> _What to do_: Please, without any pictures, transcribe the lines from the one holding "unnamed: D24.1 (K), SW24.2" to the end of the listing, both ends included.
####################
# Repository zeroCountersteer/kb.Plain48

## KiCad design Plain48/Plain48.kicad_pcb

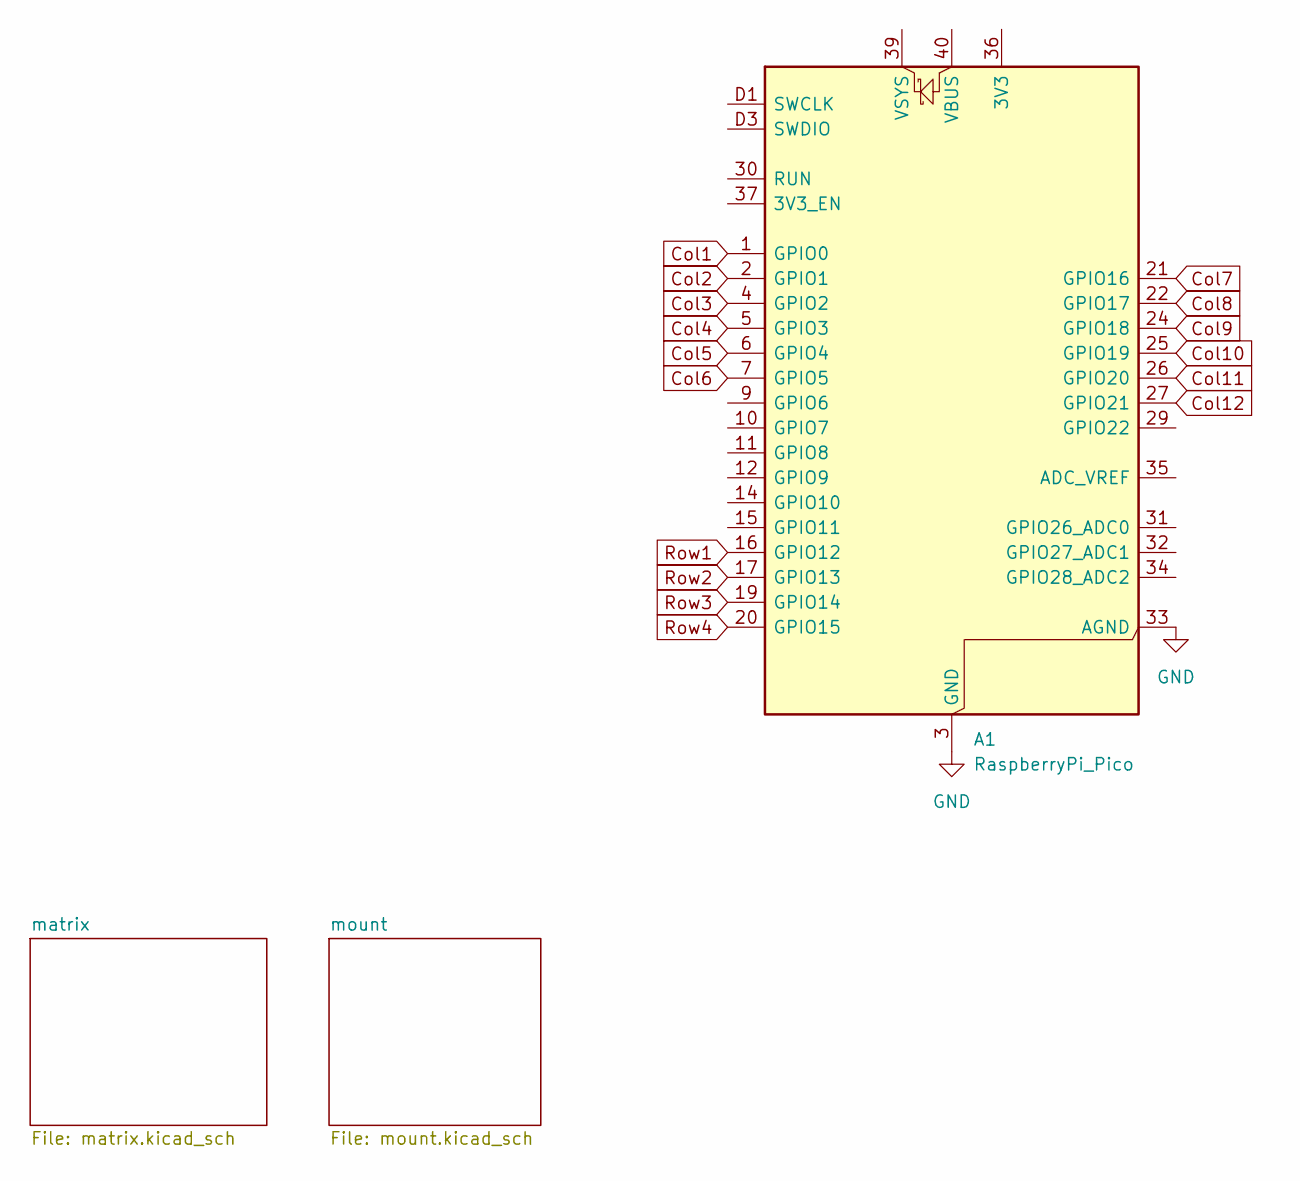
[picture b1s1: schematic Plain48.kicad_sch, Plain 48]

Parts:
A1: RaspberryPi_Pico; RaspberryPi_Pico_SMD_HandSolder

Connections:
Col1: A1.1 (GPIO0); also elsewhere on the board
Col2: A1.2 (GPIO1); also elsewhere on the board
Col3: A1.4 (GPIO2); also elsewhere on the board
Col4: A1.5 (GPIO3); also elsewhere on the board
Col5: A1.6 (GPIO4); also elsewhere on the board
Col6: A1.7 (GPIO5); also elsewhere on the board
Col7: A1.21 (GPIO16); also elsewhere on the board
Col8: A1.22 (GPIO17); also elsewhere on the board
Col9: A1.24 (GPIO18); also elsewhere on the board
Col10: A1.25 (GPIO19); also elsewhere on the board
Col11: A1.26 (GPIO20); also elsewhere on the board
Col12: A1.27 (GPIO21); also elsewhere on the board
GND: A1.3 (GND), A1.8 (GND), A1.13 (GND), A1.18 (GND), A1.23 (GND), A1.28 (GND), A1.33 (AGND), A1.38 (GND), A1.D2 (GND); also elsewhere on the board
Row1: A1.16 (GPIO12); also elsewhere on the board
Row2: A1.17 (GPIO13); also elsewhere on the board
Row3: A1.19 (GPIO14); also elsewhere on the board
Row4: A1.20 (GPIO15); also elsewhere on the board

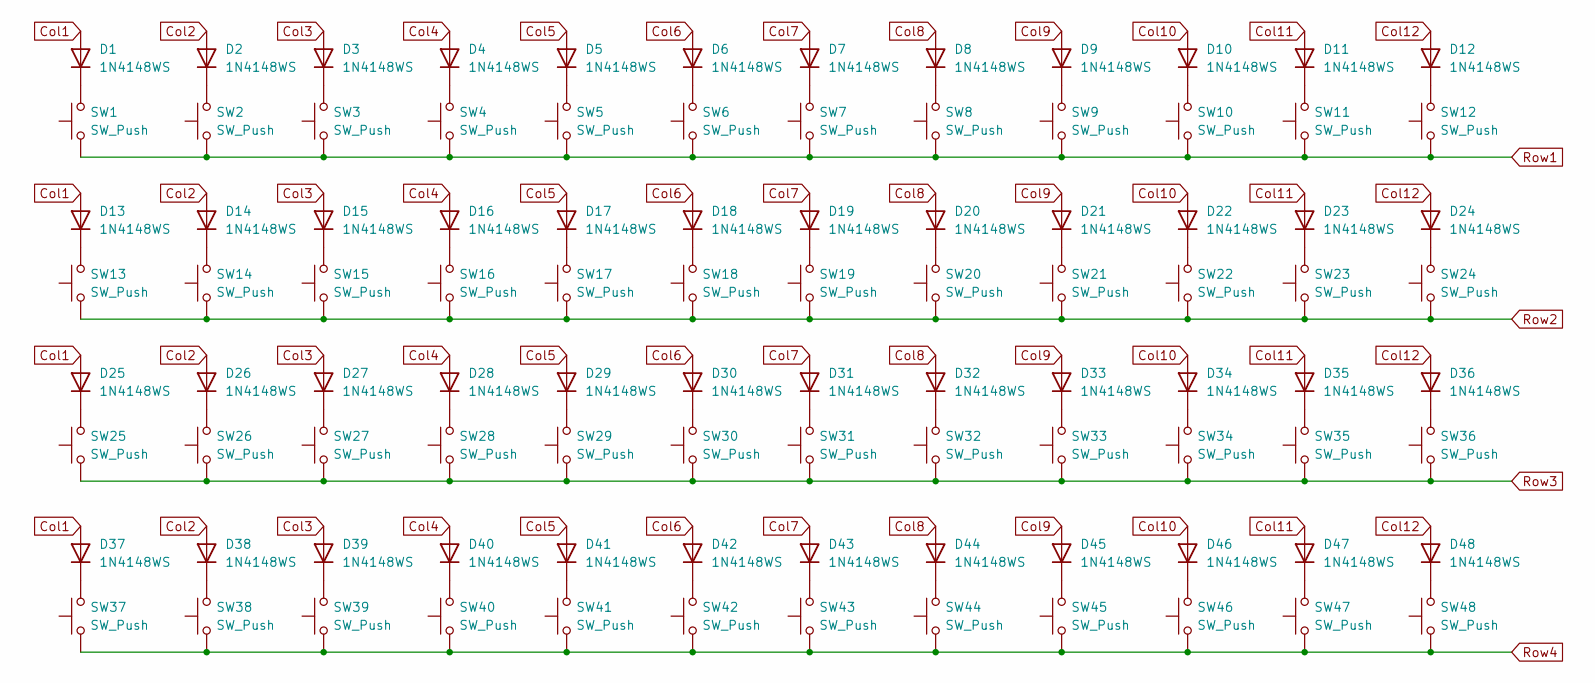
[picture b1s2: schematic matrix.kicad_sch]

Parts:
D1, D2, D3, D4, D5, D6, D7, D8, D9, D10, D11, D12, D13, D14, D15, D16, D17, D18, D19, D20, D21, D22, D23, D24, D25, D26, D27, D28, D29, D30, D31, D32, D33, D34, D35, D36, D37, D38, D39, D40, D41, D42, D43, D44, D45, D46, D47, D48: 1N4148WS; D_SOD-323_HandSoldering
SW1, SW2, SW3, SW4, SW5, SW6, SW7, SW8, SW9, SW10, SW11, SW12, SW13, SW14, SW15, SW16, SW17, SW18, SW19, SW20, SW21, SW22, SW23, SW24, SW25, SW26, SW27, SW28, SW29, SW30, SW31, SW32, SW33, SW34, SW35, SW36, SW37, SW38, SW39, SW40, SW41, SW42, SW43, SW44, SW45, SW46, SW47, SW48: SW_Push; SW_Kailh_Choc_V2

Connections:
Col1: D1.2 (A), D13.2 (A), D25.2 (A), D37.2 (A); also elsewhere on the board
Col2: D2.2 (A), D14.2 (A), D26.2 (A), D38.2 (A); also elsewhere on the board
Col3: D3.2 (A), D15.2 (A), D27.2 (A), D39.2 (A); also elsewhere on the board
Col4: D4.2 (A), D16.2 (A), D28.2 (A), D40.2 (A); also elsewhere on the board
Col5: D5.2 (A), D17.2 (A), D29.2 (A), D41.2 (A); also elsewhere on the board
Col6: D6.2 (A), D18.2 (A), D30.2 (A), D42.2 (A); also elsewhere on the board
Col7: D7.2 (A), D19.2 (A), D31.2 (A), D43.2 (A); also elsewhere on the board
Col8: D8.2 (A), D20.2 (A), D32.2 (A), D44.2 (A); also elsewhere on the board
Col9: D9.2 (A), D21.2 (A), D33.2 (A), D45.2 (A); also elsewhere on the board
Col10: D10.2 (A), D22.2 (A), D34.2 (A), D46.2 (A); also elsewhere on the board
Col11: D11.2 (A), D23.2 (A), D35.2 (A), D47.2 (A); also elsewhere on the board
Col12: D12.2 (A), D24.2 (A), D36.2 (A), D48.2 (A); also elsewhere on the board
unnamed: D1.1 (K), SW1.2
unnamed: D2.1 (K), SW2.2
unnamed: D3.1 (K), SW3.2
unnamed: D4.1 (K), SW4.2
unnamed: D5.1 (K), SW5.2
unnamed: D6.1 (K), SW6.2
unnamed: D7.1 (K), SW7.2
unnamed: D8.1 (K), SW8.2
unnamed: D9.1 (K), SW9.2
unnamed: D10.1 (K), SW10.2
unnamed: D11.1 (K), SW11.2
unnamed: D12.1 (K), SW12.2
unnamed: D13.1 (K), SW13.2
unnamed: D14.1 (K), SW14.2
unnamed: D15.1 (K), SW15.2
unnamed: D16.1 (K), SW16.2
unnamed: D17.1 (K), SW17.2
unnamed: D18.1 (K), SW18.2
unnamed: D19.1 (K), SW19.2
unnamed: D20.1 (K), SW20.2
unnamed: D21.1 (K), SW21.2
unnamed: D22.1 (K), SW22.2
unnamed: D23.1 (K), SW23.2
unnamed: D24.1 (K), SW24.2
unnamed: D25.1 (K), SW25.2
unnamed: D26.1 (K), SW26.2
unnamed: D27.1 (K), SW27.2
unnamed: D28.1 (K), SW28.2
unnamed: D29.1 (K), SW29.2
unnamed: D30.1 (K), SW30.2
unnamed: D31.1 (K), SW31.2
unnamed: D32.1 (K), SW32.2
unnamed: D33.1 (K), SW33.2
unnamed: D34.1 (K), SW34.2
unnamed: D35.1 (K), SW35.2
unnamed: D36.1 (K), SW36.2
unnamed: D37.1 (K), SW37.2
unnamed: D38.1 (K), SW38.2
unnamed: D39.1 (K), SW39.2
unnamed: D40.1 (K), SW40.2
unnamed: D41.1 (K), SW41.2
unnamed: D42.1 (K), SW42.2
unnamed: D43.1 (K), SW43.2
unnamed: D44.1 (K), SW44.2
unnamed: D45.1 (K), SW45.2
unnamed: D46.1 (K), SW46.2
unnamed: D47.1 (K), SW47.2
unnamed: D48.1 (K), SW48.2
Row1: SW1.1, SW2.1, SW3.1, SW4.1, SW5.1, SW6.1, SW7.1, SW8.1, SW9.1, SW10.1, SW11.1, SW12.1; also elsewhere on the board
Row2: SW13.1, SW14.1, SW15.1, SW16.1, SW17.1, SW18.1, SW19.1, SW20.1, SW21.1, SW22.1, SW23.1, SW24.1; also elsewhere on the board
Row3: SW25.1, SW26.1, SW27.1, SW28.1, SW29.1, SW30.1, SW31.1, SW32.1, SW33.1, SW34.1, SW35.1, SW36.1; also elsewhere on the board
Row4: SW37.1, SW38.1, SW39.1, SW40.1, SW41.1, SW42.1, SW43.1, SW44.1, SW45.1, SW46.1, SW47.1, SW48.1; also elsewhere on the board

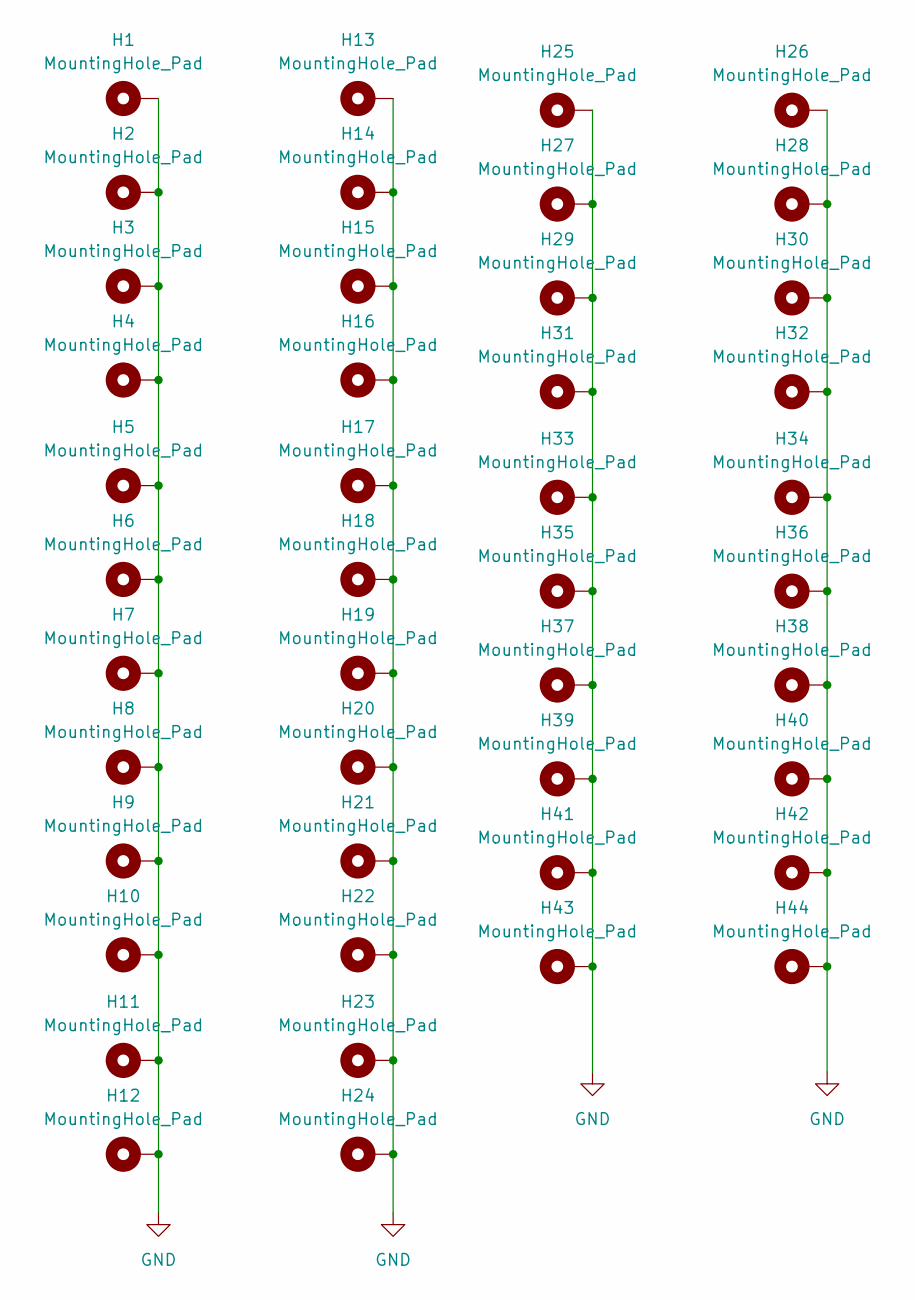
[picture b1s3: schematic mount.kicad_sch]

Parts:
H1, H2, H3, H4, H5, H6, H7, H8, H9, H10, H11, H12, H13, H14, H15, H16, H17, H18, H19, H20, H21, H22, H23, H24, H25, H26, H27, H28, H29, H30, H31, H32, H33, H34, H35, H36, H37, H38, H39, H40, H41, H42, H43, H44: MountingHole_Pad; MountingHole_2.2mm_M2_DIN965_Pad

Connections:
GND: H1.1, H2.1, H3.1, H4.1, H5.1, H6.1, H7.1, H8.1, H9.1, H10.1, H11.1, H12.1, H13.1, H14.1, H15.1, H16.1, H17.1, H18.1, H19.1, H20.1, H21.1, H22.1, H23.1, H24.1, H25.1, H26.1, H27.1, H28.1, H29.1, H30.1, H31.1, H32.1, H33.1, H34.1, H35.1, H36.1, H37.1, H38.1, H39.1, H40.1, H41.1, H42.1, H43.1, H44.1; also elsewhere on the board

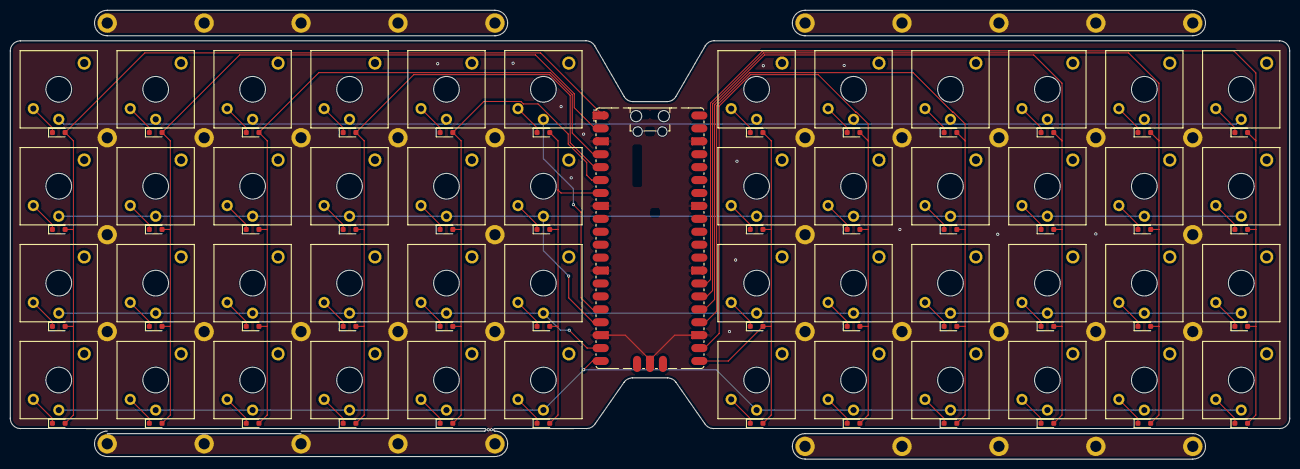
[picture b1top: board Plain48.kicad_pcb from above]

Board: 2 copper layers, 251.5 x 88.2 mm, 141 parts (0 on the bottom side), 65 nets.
####################
> _The answer_:
unnamed: D24.1 (K), SW24.2
unnamed: D25.1 (K), SW25.2
unnamed: D26.1 (K), SW26.2
unnamed: D27.1 (K), SW27.2
unnamed: D28.1 (K), SW28.2
unnamed: D29.1 (K), SW29.2
unnamed: D30.1 (K), SW30.2
unnamed: D31.1 (K), SW31.2
unnamed: D32.1 (K), SW32.2
unnamed: D33.1 (K), SW33.2
unnamed: D34.1 (K), SW34.2
unnamed: D35.1 (K), SW35.2
unnamed: D36.1 (K), SW36.2
unnamed: D37.1 (K), SW37.2
unnamed: D38.1 (K), SW38.2
unnamed: D39.1 (K), SW39.2
unnamed: D40.1 (K), SW40.2
unnamed: D41.1 (K), SW41.2
unnamed: D42.1 (K), SW42.2
unnamed: D43.1 (K), SW43.2
unnamed: D44.1 (K), SW44.2
unnamed: D45.1 (K), SW45.2
unnamed: D46.1 (K), SW46.2
unnamed: D47.1 (K), SW47.2
unnamed: D48.1 (K), SW48.2
Row1: SW1.1, SW2.1, SW3.1, SW4.1, SW5.1, SW6.1, SW7.1, SW8.1, SW9.1, SW10.1, SW11.1, SW12.1; also elsewhere on the board
Row2: SW13.1, SW14.1, SW15.1, SW16.1, SW17.1, SW18.1, SW19.1, SW20.1, SW21.1, SW22.1, SW23.1, SW24.1; also elsewhere on the board
Row3: SW25.1, SW26.1, SW27.1, SW28.1, SW29.1, SW30.1, SW31.1, SW32.1, SW33.1, SW34.1, SW35.1, SW36.1; also elsewhere on the board
Row4: SW37.1, SW38.1, SW39.1, SW40.1, SW41.1, SW42.1, SW43.1, SW44.1, SW45.1, SW46.1, SW47.1, SW48.1; also elsewhere on the board

[picture b1s3: schematic mount.kicad_sch]

Parts:
H1, H2, H3, H4, H5, H6, H7, H8, H9, H10, H11, H12, H13, H14, H15, H16, H17, H18, H19, H20, H21, H22, H23, H24, H25, H26, H27, H28, H29, H30, H31, H32, H33, H34, H35, H36, H37, H38, H39, H40, H41, H42, H43, H44: MountingHole_Pad; MountingHole_2.2mm_M2_DIN965_Pad

Connections:
GND: H1.1, H2.1, H3.1, H4.1, H5.1, H6.1, H7.1, H8.1, H9.1, H10.1, H11.1, H12.1, H13.1, H14.1, H15.1, H16.1, H17.1, H18.1, H19.1, H20.1, H21.1, H22.1, H23.1, H24.1, H25.1, H26.1, H27.1, H28.1, H29.1, H30.1, H31.1, H32.1, H33.1, H34.1, H35.1, H36.1, H37.1, H38.1, H39.1, H40.1, H41.1, H42.1, H43.1, H44.1; also elsewhere on the board

[picture b1top: board Plain48.kicad_pcb from above]

Board: 2 copper layers, 251.5 x 88.2 mm, 141 parts (0 on the bottom side), 65 nets.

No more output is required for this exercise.